Storing and processing information using quantum two level systems (qubits) promises tremendous speed-up for certain computational tasks like prime factorisation and searching an unsorted database. In addition, many problems in quantum mechanics can also be solved a lot more efficiently. Scientist and engineers all over the world are trying to build the hardware that can implement these quantum algorithms. In this talk, I will present one particular approach which uses superconducting electrical circuits operating at millikelvin temperatures to implement the quantum hardware. I will introduce a new three-qubit device, nicknamed “trimon” [1], which is based on a multi-mode superconducting circuit providing strong inter-qubit coupling.

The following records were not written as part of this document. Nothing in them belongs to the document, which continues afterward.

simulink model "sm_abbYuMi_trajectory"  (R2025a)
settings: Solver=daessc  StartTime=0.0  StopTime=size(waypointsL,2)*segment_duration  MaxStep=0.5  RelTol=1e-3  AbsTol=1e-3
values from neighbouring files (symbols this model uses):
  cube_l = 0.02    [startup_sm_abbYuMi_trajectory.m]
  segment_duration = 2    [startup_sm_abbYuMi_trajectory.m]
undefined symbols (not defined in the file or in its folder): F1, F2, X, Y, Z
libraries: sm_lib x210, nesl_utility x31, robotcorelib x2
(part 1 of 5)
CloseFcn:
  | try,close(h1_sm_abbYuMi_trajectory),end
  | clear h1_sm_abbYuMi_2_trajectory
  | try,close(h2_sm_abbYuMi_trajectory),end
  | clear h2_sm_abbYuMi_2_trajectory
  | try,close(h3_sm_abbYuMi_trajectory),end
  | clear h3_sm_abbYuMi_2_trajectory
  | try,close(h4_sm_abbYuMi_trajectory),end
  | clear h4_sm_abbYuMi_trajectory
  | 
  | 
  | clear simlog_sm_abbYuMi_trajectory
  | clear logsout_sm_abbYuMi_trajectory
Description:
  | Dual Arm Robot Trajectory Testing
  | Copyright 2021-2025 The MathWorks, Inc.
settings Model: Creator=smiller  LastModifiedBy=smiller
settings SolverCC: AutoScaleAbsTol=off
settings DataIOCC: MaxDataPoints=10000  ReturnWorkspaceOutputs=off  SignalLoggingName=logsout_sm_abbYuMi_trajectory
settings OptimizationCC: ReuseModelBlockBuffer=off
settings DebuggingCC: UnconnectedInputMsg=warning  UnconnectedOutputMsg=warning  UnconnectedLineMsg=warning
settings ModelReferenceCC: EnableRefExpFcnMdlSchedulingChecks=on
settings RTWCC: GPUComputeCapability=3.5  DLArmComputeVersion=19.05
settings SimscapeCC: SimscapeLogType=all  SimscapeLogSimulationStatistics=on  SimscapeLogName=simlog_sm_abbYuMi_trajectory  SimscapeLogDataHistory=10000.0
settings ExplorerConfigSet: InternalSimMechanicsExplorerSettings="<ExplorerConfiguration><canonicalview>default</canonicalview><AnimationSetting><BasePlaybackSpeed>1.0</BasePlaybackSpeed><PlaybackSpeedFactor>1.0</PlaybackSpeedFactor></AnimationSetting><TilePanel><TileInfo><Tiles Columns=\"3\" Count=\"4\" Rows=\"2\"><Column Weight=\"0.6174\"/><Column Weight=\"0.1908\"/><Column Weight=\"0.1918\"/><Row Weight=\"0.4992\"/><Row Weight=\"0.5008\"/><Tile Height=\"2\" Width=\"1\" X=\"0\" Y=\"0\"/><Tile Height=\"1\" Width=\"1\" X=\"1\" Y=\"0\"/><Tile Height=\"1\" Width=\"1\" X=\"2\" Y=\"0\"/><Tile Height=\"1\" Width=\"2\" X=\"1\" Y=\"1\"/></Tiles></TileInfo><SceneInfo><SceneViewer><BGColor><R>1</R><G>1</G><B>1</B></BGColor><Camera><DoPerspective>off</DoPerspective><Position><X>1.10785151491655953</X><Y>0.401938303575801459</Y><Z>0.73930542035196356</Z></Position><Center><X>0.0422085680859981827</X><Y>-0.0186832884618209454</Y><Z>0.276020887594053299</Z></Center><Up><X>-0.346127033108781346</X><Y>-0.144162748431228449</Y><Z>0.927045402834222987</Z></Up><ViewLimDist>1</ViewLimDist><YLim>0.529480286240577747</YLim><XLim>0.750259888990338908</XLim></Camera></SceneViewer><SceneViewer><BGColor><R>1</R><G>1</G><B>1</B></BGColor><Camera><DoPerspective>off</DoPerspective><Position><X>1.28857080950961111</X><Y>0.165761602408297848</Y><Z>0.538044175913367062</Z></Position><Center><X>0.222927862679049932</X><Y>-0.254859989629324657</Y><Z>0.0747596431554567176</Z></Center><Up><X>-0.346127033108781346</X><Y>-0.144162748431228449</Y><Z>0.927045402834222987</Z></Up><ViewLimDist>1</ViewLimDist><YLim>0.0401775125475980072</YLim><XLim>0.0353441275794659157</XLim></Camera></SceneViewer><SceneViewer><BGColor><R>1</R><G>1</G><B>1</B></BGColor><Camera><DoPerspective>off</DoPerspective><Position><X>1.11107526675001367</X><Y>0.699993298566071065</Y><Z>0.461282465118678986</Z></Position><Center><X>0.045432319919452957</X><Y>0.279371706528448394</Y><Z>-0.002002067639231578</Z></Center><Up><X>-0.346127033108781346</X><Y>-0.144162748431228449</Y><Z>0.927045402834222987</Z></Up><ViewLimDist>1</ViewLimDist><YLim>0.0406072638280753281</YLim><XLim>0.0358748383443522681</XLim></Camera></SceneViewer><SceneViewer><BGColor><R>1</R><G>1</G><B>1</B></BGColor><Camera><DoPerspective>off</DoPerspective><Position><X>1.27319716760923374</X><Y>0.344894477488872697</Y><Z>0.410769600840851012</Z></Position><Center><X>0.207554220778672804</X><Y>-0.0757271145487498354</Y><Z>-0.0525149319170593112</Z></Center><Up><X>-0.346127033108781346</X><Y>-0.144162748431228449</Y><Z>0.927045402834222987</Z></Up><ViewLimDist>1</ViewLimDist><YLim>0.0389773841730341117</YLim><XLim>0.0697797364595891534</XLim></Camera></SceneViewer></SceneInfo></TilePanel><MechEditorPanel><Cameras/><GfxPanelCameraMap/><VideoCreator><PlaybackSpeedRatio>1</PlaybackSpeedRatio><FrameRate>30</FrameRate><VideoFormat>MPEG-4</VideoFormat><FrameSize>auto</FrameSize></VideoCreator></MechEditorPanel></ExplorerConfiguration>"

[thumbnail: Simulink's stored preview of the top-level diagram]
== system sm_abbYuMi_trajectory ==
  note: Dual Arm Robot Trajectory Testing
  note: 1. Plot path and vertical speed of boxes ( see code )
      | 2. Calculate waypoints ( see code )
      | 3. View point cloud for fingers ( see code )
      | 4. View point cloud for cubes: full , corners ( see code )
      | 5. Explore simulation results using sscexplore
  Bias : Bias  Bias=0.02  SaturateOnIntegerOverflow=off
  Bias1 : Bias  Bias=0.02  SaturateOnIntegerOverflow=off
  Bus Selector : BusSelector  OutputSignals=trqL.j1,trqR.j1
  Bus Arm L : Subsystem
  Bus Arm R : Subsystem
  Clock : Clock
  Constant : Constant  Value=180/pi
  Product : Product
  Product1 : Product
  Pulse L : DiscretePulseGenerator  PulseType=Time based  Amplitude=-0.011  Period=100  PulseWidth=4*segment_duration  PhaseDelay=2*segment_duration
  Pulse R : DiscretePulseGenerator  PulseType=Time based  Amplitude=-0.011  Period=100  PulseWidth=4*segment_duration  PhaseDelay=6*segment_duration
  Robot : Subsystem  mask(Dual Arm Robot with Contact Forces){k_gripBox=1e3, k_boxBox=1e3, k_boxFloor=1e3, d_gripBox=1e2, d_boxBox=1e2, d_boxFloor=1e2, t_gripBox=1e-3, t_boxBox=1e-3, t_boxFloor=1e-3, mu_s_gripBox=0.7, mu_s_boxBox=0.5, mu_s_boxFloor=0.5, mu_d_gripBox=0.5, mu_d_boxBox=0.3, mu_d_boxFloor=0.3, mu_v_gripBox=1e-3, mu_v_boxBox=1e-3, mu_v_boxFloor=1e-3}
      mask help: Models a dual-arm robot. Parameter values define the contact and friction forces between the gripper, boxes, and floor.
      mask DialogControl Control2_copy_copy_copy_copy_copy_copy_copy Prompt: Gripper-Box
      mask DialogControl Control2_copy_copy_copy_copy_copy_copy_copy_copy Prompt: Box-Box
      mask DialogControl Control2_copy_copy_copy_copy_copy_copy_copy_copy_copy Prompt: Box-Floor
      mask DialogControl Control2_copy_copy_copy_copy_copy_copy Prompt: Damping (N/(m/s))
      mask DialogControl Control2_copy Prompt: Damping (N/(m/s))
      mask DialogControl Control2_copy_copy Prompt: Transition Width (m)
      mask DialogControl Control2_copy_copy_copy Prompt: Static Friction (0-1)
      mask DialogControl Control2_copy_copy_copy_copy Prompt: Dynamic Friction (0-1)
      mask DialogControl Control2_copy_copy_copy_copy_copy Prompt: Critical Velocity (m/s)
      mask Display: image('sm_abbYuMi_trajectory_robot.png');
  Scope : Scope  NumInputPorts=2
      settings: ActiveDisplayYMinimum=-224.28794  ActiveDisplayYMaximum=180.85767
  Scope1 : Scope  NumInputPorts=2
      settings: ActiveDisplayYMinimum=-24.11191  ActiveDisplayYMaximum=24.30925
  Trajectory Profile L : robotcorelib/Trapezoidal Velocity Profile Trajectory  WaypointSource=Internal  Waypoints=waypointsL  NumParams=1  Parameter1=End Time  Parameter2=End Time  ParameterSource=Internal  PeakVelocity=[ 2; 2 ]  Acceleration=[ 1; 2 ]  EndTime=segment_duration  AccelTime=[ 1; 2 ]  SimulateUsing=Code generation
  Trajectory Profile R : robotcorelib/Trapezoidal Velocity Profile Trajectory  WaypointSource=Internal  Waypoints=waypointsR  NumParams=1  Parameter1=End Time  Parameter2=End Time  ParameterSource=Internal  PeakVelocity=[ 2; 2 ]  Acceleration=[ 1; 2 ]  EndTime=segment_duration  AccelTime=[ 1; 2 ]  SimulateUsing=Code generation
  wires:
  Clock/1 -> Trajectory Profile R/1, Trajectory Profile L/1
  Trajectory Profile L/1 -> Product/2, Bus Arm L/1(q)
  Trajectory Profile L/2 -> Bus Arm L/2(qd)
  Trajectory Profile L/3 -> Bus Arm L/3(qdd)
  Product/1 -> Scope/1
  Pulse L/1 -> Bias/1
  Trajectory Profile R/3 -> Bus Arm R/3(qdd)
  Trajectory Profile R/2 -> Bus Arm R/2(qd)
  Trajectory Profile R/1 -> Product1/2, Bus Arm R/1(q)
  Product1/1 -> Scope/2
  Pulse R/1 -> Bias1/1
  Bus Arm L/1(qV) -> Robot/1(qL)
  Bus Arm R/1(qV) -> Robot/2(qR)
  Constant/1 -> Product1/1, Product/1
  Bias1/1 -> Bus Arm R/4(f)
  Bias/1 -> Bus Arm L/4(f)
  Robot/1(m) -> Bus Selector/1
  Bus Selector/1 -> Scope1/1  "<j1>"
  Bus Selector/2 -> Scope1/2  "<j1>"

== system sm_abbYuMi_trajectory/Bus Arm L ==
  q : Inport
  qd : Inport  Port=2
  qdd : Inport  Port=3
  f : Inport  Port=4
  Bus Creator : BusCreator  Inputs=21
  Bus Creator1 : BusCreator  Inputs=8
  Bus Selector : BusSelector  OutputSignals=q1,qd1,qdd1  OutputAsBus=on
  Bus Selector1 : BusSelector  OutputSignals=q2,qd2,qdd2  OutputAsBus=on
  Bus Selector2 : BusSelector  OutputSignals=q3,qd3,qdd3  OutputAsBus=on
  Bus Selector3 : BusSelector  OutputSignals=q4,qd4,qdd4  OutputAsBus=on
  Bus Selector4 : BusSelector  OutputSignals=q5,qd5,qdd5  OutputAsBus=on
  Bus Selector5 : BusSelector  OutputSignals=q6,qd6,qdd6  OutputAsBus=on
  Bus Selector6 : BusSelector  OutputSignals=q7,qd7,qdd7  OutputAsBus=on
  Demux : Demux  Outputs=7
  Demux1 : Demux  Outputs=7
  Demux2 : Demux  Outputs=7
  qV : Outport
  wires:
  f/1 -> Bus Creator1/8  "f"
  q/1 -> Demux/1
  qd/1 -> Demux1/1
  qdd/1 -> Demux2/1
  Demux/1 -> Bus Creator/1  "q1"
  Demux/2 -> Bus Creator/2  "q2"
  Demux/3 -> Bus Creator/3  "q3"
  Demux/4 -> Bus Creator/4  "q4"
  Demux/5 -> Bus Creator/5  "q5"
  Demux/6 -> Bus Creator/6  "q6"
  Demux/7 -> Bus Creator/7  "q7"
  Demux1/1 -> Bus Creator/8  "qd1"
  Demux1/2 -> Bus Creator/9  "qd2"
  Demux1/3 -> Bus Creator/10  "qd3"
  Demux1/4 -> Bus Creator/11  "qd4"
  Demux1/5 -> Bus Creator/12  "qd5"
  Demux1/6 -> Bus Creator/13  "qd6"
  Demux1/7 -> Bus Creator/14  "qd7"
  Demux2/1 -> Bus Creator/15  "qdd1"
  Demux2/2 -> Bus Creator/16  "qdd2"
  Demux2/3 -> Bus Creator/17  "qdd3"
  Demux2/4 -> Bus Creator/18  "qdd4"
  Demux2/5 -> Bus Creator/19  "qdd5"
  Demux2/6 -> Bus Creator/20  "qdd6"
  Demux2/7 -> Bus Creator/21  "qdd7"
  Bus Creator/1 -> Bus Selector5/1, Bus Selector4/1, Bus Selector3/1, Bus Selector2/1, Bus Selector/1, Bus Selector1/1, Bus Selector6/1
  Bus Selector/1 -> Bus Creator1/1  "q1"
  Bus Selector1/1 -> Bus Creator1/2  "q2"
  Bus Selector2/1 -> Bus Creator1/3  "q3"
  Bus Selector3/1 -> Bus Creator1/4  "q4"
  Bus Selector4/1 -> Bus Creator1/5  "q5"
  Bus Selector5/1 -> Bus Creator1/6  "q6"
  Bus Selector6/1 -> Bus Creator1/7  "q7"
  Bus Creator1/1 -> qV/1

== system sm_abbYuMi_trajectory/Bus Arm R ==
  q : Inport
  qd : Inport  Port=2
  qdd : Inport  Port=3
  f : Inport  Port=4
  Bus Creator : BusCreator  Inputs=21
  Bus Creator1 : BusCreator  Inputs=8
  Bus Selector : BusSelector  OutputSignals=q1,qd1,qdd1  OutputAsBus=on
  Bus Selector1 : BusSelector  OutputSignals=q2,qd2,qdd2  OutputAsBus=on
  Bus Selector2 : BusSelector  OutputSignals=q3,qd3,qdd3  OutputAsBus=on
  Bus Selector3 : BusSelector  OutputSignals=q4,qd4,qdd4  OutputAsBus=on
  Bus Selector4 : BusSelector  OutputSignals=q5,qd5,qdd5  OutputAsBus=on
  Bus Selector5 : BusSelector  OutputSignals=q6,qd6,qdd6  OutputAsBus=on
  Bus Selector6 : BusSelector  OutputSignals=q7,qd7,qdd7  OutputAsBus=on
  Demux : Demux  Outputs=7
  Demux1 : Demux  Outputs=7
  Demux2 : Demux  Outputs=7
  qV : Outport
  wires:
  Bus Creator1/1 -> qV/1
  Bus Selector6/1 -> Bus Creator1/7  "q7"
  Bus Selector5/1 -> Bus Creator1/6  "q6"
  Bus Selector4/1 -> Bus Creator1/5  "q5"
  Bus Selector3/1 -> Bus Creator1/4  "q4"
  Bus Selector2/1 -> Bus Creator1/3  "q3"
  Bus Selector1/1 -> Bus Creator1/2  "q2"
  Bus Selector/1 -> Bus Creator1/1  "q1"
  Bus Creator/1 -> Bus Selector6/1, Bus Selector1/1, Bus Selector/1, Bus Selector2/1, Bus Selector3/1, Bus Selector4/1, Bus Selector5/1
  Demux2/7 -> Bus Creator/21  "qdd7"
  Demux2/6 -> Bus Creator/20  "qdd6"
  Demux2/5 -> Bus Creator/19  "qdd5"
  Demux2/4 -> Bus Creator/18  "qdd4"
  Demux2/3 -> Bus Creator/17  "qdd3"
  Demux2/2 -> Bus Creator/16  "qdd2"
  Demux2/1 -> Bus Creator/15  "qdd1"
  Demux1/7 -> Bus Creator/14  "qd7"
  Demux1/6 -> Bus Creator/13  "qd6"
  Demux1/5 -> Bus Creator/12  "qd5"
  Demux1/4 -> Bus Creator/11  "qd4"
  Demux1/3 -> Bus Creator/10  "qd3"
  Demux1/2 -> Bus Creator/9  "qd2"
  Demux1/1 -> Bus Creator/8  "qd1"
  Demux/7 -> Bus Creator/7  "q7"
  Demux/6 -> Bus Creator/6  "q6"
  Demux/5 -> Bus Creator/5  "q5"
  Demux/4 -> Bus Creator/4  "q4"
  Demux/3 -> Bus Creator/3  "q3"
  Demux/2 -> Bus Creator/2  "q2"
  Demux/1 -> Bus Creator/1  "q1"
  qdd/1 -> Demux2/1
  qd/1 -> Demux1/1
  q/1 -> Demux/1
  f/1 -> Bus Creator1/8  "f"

I will discuss the basic working principles of the device, the implementation of efficient multi-qubit gates and the capability of universal programmability [2]. Next, I will demonstrate the high-fidelity preparation of various two- and three-qubit entangled states and realization of a few quantum algorithms like Deutsch-Jozsa, Grover etc [3]. I will end by talking about the possibility of scaling to larger systems using the trimon as a building block and the challenges ahead.

[1] Roy et al., Phys. Rev. Applied 7, 054025 (May 2017) 

[2] Roy at al., arXiv:1711.01658 (Nov 2017)

[3] Roy et al., arXiv:1809.00668 (Sep 2018)